Democracia, Persuasão e Verdade

A persuasão promove a divulgação da verdade? A persuasão perverte a deliberação pública? Ou: como é que os políticos podem ser persuasivos sem perverter as mais elementares verdades?

Os mais eminentes filósofos liberal-democratas (Mill, Rorty, Rawls etc.) e outros de inspiração esquerdista (Habermas, Honneth etc.) chamam-lhe deliberação pública. Os especialistas em psicologia política, obreiros incansáveis das muito apetecidas maiorias eleitorais, dão-lhe outro nome: persuasão. A relação da persuasão com a deliberação é habitualmente paradoxal. Porquê? A persuasão tende a perverter a verdade, o pilar essencial de qualquer processo de deliberação pública digno do nome. Estou a enveredar pelo purismo ideológico? Talvez. Não raramente os argumentos mais persuasivos são também os menos verdadeiros ("Brexit”, Trump, Bolsonaro etc.).
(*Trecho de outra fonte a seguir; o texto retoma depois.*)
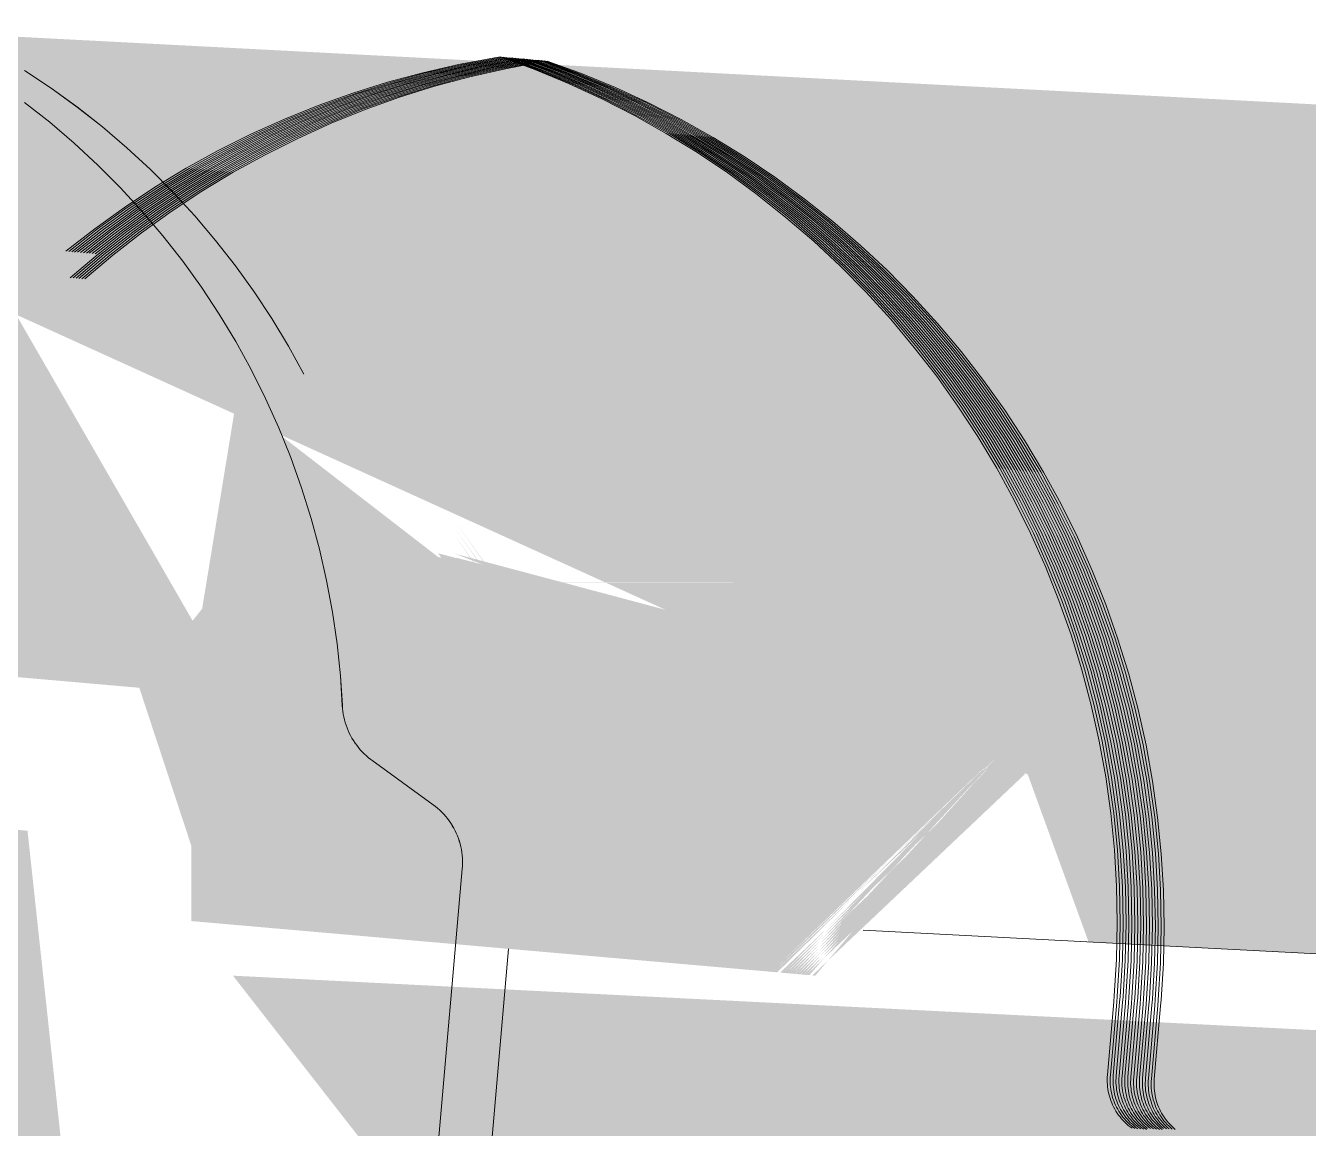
# Model space of a CAD drawing. Header units: metres. Extents: x -4613 to -4328, y -1 to 30.
# Drawn here: x -4548.60637 to -4548.58843, y 16.92278 to 16.9382 of the extents above; entities that cross this region are included whole.
import ezdxf

# ---------------------------------------------------------------- set-up
doc = ezdxf.new("R2010")
doc.units = ezdxf.units.M
for name, color, linetype, lineweight in [('A-GENM', 13, 'Continuous', 5), ('A-ROOF', 132, 'Continuous', 5), ('Q-SPCQ', 91, 'Continuous', 5)]:
    doc.layers.add(name, color=color, linetype=linetype, lineweight=lineweight)

# ---------------------------------------------------------------- blocks, each defined once
blk = doc.blocks.new('Static Line_Sayfa_Metal Deck_Pan Mount - Up to 15 _ pitch - Max 2 Users-1845874-SOUTH WEST')
at = {"layer": 'Q-SPCQ'}
for points in [[(-4548.603426, 16.928819), (-4548.606685, 16.934469), (-4548.612421, 16.936587), (-4548.613027, 16.929659), (-4548.606685, 16.929104)], [(-4548.595979, 16.924969), (-4548.592155, 16.928588), (-4548.600602, 16.930768), (-4548.603426, 16.932949), (-4548.603902, 16.930043), (-4548.604781, 16.928937), (-4548.604055, 16.926733), (-4548.604055, 16.925675), (-4548.599494, 16.925276)], [(-4548.595938, 16.924965), (-4548.592155, 16.928594), (-4548.600602, 16.930819), (-4548.600328, 16.930447), (-4548.593011, 16.927779), (-4548.595979, 16.924969)], [(-4548.595693, 16.924944), (-4548.592155, 16.928628), (-4548.600368, 16.930813), (-4548.598353, 16.930032), (-4548.592765, 16.927757), (-4548.595734, 16.924947)], [(-4548.595734, 16.924947), (-4548.592155, 16.928623), (-4548.600368, 16.930762), (-4548.598394, 16.930036), (-4548.592806, 16.927761), (-4548.595775, 16.924951)], [(-4548.595775, 16.924951), (-4548.592155, 16.928617), (-4548.600368, 16.930711), (-4548.598435, 16.930039), (-4548.592847, 16.927764), (-4548.595816, 16.924954)], [(-4548.592155, 16.928461), (-4548.600368, 16.93066), (-4548.598476, 16.930043), (-4548.592114, 16.9285)], [(-4548.595856, 16.924958), (-4548.592155, 16.928605), (-4548.600368, 16.930609), (-4548.600246, 16.930439), (-4548.592929, 16.927771), (-4548.595897, 16.924962)], [(-4548.595897, 16.924962), (-4548.592155, 16.9286), (-4548.600368, 16.930558), (-4548.600287, 16.930443), (-4548.59297, 16.927775), (-4548.595938, 16.924965)], [(-4548.595447, 16.924922), (-4548.592155, 16.928663), (-4548.592519, 16.927736), (-4548.595488, 16.924926)], [(-4548.595652, 16.92494), (-4548.592155, 16.928634), (-4548.592724, 16.927754), (-4548.595693, 16.924944)], [(-4548.595611, 16.924936), (-4548.592155, 16.92864), (-4548.592683, 16.92775), (-4548.595652, 16.92494)], [(-4548.59557, 16.924933), (-4548.592155, 16.928646), (-4548.592642, 16.927746), (-4548.595611, 16.924936)], [(-4548.595529, 16.924929), (-4548.592155, 16.928651), (-4548.592601, 16.927743), (-4548.59557, 16.924933)]]:
    blk.add_hatch(color=256, dxfattribs=at).paths.add_polyline_path(points)
h = blk.add_hatch(color=256, dxfattribs=at)
h.paths.add_polyline_path([(-4548.599753, 16.930416), (-4548.600368, 16.931273), (-4548.599764, 16.930416)])
h.paths.add_polyline_path([(-4548.595324, 16.924911), (-4548.592155, 16.92868), (-4548.592396, 16.927725), (-4548.595365, 16.924915)])
h = blk.add_hatch(color=256, dxfattribs=at)
h.paths.add_polyline_path([(-4548.599835, 16.930424), (-4548.600368, 16.931171), (-4548.599849, 16.930427)])
h.paths.add_polyline_path([(-4548.595406, 16.924919), (-4548.592155, 16.928669), (-4548.592478, 16.927732), (-4548.595447, 16.924922)])
h = blk.add_hatch(color=256, dxfattribs=at)
h.paths.add_polyline_path([(-4548.595488, 16.924926), (-4548.592155, 16.928657), (-4548.59256, 16.927739), (-4548.595529, 16.924929)])
h.paths.add_polyline_path([(-4548.599917, 16.930434), (-4548.600368, 16.931069), (-4548.599936, 16.930441)])
h = blk.add_hatch(color=256, dxfattribs=at)
h.paths.add_polyline_path([(-4548.60507, 16.915141), (-4548.606345, 16.926938), (-4548.608634, 16.927138), (-4548.607359, 16.915341), (-4548.606685, 16.915282)])
h.paths.add_polyline_path([(-4548.611476, 16.915701), (-4548.610923, 16.927339), (-4548.613213, 16.927539), (-4548.614227, 16.915942)])
for p, q in [((-4548.60067, 16.927302), (-4548.601529, 16.927926)), ((-4548.60067, 16.927302), (-4548.601529, 16.927926)), ((-4548.601277, 16.914809), (-4548.600262, 16.926406)), ((-4548.601276, 16.914809), (-4548.600262, 16.926406)), ((-4548.599892, 16.922134), (-4548.599617, 16.925287)), ((-4548.599892, 16.922134), (-4548.599616, 16.925287)), ((-4548.591237, 16.923523), (-4548.591148, 16.924546)), ((-4548.591196, 16.923519), (-4548.591107, 16.924542)), ((-4548.591155, 16.923516), (-4548.591066, 16.924539)), ((-4548.591114, 16.923512), (-4548.591025, 16.924535)), ((-4548.591073, 16.923508), (-4548.590984, 16.924532)), ((-4548.591032, 16.923505), (-4548.590943, 16.924528)), ((-4548.590991, 16.923501), (-4548.590902, 16.924524)), ((-4548.59095, 16.923498), (-4548.590861, 16.924521)), ((-4548.590909, 16.923494), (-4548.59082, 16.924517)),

A forma mais ignóbil da persuasão política é, claro, a demagogia. Ilustremos este problema com um exemplo simples. Como é sabido, todos os partidos que ganham eleições afirmam a sua legitimidade distinguindo-se do governo que depuseram. Não será descabido afirmar que a contra-distinção é o mais comum acto discursivo nas democracias liberais. Os partidos políticos rivais distinguem-se até à exaustão. Assim foi entre nós. O fim da austeridade, dizem os socialistas, começou com a gloriosa “geringonça”. Ora, como é sabido pela maioria dos portugueses razoavelmente sensatos, a austeridade não acabou em 2015. Foi apenas inteligentemente reconfigurada (cativações, subida de impostos indirectos). A dita reconfiguração que consistiu em pouco mais do que a tímida devolução de rendimentos dos funcionários públicos e de outras benesses menores foram pomposamente e paradoxalmente celebradas pela “esquerda” como uma espécie de nova era, não obstante os ferozes protestos de uma multidão infindável de esquecidos. Instituiu-se uma fronteira temporal tão fictícia quão intransponível entre o que foi e o que é. O que nenhum esquerdista jamais reconheceria é que o fim (reconfiguração) da austeridade só foi possível porque as contas públicas de um país profundamente dependente do crédito externo já haviam sido equilibradas, um facto simples e inquestionável que qualquer economista integro corroboraria sem qualquer dificuldade. Se considerarmos este argumento fundamentalmente verdadeiro, deparamo-nos de imediato com um problema deveras espinhoso: o que acontece à sacrossanta deliberação pública, supostamente límpida e verdadeira, quando a persuasão político-partidária entra em jogo? A persuasão promove a divulgação da verdade? A persuasão perverte a deliberação pública? Ou: como é que os políticos podem ser persuasivos sem perverter as mais elementares verdades?